----- Records for processing
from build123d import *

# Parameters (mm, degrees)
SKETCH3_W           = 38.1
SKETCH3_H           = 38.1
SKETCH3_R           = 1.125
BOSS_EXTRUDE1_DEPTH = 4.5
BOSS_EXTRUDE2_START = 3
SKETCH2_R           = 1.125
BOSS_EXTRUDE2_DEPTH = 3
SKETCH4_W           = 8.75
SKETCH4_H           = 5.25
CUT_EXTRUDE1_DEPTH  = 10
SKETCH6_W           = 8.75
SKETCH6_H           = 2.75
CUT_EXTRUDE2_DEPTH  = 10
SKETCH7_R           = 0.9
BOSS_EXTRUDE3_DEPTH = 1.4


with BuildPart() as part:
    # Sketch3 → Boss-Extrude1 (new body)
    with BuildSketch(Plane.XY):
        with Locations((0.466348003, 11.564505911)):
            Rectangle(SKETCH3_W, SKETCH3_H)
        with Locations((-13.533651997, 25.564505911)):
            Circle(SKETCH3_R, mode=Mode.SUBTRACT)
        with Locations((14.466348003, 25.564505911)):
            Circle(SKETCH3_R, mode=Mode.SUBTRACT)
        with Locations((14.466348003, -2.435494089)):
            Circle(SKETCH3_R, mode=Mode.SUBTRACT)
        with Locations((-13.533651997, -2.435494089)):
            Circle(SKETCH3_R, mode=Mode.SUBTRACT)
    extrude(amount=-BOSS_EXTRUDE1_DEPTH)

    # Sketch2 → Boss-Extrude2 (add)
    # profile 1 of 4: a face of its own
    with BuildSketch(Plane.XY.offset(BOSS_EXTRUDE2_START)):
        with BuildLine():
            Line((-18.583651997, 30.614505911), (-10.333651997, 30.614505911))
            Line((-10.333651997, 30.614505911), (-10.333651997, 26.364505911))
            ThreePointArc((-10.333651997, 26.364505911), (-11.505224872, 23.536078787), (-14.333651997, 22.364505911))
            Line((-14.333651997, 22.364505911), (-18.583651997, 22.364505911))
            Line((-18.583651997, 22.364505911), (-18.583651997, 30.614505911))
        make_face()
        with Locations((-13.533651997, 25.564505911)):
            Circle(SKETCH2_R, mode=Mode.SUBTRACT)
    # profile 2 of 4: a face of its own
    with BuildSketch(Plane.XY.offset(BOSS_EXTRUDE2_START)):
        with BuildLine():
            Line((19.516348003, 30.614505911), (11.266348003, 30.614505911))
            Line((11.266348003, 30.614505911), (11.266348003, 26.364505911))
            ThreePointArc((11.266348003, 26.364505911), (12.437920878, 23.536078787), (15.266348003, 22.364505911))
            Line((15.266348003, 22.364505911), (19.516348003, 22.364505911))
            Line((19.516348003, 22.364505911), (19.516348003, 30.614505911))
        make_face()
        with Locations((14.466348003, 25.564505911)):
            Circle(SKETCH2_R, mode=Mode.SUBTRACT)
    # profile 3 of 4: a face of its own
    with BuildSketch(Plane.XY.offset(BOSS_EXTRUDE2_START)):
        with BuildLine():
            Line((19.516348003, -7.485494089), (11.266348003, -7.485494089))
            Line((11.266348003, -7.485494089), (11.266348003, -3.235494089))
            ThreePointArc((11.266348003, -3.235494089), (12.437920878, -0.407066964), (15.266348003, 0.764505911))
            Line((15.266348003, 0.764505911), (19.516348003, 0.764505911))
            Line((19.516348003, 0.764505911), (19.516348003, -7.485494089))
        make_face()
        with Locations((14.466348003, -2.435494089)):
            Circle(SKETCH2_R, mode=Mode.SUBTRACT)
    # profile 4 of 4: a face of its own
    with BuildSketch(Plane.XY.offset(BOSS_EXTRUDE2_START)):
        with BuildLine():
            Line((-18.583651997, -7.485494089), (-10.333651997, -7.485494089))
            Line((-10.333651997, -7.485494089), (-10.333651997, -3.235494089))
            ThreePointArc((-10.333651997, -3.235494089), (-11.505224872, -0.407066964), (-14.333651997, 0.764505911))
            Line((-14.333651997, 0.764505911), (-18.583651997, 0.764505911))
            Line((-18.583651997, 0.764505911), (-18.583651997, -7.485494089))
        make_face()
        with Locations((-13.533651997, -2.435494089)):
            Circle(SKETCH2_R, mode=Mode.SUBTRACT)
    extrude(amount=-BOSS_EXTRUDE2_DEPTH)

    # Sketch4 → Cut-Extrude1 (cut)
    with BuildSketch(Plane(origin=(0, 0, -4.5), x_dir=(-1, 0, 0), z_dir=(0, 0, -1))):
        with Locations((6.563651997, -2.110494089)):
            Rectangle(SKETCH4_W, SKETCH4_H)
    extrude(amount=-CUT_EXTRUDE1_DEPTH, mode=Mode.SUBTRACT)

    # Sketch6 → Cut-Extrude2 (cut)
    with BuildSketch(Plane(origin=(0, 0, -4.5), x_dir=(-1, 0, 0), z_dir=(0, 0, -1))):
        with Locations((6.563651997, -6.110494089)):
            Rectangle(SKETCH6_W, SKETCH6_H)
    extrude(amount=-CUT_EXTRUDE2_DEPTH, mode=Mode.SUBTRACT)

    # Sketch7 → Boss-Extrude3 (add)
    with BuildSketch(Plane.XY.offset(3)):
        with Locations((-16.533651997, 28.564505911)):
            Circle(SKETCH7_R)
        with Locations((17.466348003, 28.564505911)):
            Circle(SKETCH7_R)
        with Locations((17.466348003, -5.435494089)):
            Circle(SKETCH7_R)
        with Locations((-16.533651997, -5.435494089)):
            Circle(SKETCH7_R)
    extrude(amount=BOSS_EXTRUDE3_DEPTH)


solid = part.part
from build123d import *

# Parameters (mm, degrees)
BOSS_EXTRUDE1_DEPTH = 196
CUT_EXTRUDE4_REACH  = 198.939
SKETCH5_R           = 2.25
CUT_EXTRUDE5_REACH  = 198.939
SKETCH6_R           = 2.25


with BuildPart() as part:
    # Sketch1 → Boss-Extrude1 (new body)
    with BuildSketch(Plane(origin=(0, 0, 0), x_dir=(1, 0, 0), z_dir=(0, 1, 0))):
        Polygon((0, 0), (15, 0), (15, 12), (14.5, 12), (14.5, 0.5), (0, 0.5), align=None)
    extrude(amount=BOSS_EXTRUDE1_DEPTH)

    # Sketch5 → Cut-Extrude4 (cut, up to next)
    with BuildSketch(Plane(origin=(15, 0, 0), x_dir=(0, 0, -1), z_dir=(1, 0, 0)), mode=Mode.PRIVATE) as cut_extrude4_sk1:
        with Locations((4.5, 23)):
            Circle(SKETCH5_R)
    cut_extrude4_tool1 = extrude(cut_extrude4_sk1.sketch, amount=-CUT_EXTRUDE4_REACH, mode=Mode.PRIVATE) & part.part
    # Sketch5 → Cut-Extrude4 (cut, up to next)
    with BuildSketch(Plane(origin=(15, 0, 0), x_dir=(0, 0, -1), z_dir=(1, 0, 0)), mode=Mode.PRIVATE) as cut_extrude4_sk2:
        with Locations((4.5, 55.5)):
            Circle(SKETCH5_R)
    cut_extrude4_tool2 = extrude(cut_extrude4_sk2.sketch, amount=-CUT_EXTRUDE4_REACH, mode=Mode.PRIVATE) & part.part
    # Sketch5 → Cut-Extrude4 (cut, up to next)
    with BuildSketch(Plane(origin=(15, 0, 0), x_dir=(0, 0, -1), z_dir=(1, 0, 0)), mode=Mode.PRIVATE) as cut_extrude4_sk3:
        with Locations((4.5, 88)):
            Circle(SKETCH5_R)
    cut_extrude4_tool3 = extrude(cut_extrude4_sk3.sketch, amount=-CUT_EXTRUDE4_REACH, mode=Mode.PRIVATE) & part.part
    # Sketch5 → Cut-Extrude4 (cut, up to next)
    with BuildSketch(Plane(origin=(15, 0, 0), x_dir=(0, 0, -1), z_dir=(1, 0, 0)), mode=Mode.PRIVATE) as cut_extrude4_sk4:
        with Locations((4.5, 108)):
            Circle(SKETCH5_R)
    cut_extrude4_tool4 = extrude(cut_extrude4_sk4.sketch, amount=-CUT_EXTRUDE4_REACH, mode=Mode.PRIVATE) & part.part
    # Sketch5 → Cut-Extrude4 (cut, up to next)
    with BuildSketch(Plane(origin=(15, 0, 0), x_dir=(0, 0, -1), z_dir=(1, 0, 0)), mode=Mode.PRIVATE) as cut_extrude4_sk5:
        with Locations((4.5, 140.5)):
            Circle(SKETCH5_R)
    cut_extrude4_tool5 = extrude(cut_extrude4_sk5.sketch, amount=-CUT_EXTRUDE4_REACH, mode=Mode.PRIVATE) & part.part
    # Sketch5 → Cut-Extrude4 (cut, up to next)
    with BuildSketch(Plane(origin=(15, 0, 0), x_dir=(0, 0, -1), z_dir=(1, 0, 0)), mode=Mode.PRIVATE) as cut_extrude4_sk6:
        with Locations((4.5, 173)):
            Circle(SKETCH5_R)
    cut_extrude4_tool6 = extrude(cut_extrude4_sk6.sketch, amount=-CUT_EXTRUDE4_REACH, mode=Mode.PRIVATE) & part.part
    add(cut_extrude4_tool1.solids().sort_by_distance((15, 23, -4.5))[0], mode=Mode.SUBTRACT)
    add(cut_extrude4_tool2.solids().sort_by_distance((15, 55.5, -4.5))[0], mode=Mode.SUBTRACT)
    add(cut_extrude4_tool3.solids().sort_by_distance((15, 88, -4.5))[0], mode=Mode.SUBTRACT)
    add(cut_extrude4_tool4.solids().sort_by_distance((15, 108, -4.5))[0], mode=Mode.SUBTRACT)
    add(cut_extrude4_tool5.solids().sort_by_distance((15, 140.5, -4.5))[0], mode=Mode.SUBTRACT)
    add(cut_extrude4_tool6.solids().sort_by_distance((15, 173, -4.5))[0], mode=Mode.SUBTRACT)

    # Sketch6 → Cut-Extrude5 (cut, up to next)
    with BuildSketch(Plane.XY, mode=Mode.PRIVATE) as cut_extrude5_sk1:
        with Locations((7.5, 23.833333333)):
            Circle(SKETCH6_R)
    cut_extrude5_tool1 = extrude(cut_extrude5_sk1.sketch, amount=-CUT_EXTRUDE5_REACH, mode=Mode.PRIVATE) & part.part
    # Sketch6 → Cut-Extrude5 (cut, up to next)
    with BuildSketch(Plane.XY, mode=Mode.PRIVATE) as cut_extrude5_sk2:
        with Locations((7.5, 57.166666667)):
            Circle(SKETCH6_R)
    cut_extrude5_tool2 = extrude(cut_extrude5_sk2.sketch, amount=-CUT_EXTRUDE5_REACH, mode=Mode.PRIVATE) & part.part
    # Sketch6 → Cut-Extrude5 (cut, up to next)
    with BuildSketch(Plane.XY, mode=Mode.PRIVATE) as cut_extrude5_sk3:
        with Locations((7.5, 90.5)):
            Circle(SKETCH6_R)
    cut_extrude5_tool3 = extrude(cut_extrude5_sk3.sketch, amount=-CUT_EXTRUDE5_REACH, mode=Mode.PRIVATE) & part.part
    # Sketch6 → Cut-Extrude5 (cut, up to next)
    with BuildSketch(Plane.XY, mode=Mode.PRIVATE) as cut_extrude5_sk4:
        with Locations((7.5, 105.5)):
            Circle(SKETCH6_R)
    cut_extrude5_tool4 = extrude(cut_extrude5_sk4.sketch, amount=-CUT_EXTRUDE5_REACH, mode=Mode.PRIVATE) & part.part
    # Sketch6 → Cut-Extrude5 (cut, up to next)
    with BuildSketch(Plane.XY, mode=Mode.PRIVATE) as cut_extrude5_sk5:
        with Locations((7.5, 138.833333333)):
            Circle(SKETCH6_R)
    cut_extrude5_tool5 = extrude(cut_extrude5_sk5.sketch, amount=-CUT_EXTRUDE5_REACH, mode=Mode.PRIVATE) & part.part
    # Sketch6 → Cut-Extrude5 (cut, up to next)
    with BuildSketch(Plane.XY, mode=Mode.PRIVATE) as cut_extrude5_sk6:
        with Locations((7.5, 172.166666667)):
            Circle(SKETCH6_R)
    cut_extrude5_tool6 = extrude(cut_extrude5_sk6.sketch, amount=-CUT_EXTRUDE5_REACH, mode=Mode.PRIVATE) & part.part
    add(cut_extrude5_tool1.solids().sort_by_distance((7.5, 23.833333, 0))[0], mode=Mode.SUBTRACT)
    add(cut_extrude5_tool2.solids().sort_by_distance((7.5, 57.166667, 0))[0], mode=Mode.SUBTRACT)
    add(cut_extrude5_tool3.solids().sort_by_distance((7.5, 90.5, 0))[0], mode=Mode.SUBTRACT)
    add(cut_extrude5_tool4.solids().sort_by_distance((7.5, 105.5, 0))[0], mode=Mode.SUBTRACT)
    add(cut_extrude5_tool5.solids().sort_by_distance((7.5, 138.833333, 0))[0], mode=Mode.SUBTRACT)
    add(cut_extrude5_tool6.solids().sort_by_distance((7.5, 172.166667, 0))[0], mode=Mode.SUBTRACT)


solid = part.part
----------
> **What the task asks**: Tally the lines in the records above that contain the word "Rectangle". Write the number and nothing else.

> **Answer**: 3